Retype the data below exactly, skipping pictures.

(Beginning of SOURCE DATA)

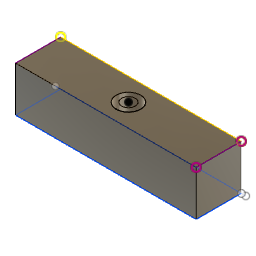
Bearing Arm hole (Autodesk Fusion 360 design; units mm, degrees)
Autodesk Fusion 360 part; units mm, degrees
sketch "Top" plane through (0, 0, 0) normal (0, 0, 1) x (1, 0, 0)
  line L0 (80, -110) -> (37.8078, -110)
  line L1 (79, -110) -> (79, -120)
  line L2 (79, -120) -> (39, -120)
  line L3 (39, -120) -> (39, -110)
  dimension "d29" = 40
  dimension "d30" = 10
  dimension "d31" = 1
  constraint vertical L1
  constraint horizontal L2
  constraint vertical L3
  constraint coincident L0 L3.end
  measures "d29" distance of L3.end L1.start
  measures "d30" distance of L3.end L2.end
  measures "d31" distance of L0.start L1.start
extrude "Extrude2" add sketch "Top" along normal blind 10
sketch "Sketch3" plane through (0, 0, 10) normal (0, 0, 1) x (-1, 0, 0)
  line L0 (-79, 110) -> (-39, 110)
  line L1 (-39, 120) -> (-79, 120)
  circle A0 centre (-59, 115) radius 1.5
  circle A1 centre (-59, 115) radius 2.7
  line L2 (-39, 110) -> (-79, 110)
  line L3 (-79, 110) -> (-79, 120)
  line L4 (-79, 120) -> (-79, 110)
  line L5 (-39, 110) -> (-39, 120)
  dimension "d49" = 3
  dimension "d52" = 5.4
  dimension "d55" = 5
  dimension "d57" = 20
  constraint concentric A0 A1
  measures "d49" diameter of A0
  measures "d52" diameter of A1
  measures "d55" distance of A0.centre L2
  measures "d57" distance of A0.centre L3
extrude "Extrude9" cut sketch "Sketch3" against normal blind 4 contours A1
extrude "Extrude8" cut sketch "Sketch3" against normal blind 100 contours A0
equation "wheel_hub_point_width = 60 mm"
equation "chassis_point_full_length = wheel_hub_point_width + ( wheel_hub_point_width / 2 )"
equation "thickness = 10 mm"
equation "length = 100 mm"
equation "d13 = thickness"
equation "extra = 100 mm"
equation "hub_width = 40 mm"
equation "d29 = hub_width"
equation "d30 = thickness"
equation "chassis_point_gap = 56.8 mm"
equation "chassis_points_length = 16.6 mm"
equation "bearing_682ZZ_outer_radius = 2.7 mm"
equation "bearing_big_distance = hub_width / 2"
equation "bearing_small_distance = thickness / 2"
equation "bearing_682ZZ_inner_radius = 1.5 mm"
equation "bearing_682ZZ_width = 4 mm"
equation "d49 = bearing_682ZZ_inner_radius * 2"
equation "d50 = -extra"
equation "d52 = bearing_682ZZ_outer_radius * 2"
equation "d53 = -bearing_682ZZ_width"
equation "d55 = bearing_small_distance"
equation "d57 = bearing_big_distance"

(End of SOURCE DATA)

▶ [RESPONSE AREA]:
Bearing Arm hole (Autodesk Fusion 360 design; units mm, degrees)
Autodesk Fusion 360 part; units mm, degrees
sketch "Top" plane through (0, 0, 0) normal (0, 0, 1) x (1, 0, 0)
  line L0 (80, -110) -> (37.8078, -110)
  line L1 (79, -110) -> (79, -120)
  line L2 (79, -120) -> (39, -120)
  line L3 (39, -120) -> (39, -110)
  dimension "d29" = 40
  dimension "d30" = 10
  dimension "d31" = 1
  constraint vertical L1
  constraint horizontal L2
  constraint vertical L3
  constraint coincident L0 L3.end
  measures "d29" distance of L3.end L1.start
  measures "d30" distance of L3.end L2.end
  measures "d31" distance of L0.start L1.start
extrude "Extrude2" add sketch "Top" along normal blind 10
sketch "Sketch3" plane through (0, 0, 10) normal (0, 0, 1) x (-1, 0, 0)
  line L0 (-79, 110) -> (-39, 110)
  line L1 (-39, 120) -> (-79, 120)
  circle A0 centre (-59, 115) radius 1.5
  circle A1 centre (-59, 115) radius 2.7
  line L2 (-39, 110) -> (-79, 110)
  line L3 (-79, 110) -> (-79, 120)
  line L4 (-79, 120) -> (-79, 110)
  line L5 (-39, 110) -> (-39, 120)
  dimension "d49" = 3
  dimension "d52" = 5.4
  dimension "d55" = 5
  dimension "d57" = 20
  constraint concentric A0 A1
  measures "d49" diameter of A0
  measures "d52" diameter of A1
  measures "d55" distance of A0.centre L2
  measures "d57" distance of A0.centre L3
extrude "Extrude9" cut sketch "Sketch3" against normal blind 4 contours A1
extrude "Extrude8" cut sketch "Sketch3" against normal blind 100 contours A0
equation "wheel_hub_point_width = 60 mm"
equation "chassis_point_full_length = wheel_hub_point_width + ( wheel_hub_point_width / 2 )"
equation "thickness = 10 mm"
equation "length = 100 mm"
equation "d13 = thickness"
equation "extra = 100 mm"
equation "hub_width = 40 mm"
equation "d29 = hub_width"
equation "d30 = thickness"
equation "chassis_point_gap = 56.8 mm"
equation "chassis_points_length = 16.6 mm"
equation "bearing_682ZZ_outer_radius = 2.7 mm"
equation "bearing_big_distance = hub_width / 2"
equation "bearing_small_distance = thickness / 2"
equation "bearing_682ZZ_inner_radius = 1.5 mm"
equation "bearing_682ZZ_width = 4 mm"
equation "d49 = bearing_682ZZ_inner_radius * 2"
equation "d50 = -extra"
equation "d52 = bearing_682ZZ_outer_radius * 2"
equation "d53 = -bearing_682ZZ_width"
equation "d55 = bearing_small_distance"
equation "d57 = bearing_big_distance"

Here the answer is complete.